-- Input for this task follows --
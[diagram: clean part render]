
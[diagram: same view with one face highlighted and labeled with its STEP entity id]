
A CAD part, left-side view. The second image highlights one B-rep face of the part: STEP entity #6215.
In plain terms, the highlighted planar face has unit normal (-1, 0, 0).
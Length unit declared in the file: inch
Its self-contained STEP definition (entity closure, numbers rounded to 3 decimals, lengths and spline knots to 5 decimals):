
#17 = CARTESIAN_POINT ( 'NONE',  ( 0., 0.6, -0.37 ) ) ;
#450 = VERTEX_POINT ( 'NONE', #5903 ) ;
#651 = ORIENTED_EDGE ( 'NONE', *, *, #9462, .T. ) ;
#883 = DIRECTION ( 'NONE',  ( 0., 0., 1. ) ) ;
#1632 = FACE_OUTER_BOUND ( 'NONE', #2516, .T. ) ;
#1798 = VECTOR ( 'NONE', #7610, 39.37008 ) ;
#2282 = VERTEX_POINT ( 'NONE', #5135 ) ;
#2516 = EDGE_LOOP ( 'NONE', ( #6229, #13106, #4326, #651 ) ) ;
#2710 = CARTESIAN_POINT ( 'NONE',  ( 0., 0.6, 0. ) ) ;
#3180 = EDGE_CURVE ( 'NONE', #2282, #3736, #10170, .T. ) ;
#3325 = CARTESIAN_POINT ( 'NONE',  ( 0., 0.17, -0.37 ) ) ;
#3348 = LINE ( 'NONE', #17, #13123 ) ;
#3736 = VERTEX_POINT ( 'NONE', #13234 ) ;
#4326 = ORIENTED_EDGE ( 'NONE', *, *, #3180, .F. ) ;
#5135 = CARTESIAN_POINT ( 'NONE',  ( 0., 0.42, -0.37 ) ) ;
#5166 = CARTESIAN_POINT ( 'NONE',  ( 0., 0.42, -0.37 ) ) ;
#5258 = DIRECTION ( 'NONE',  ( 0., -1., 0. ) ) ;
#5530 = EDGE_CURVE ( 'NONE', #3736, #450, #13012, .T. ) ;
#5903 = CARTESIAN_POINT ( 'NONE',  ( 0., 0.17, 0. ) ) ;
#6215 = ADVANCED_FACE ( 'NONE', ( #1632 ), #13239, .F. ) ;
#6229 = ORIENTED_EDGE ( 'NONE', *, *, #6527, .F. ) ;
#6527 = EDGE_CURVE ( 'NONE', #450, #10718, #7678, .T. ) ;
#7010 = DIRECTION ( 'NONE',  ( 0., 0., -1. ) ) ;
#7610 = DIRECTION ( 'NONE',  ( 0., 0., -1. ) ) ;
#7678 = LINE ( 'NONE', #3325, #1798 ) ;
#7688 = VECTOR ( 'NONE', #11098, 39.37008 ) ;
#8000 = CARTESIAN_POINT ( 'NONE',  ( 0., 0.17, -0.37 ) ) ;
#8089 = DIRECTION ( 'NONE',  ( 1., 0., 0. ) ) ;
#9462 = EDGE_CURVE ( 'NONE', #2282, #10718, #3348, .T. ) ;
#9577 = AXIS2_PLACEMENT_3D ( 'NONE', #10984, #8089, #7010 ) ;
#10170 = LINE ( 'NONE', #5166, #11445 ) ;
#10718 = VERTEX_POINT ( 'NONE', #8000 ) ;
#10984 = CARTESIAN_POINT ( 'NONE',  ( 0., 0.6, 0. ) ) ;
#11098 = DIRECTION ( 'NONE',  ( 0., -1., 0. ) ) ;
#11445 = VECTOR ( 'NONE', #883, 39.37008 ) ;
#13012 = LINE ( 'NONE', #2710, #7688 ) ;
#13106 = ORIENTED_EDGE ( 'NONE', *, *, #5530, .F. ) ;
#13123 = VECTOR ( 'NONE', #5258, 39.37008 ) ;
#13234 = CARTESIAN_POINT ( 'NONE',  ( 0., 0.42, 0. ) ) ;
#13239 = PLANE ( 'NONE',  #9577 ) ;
-- Input for this task concluded --
**Exercise brief**
Copy out the lines above exactly, beginning at the one that contains "[diagram: same view" and ending at the one that contains "#450 = VERTEX_POINT ( 'NONE', #5903 ) ;".

**Your solution**
[diagram: same view with one face highlighted and labeled with its STEP entity id]
A CAD part, left-side view. The second image highlights one B-rep face of the part: STEP entity #6215.
In plain terms, the highlighted planar face has unit normal (-1, 0, 0).
Length unit declared in the file: inch
Its self-contained STEP definition (entity closure, numbers rounded to 3 decimals, lengths and spline knots to 5 decimals):
#17 = CARTESIAN_POINT ( 'NONE',  ( 0., 0.6, -0.37 ) ) ;
#450 = VERTEX_POINT ( 'NONE', #5903 ) ;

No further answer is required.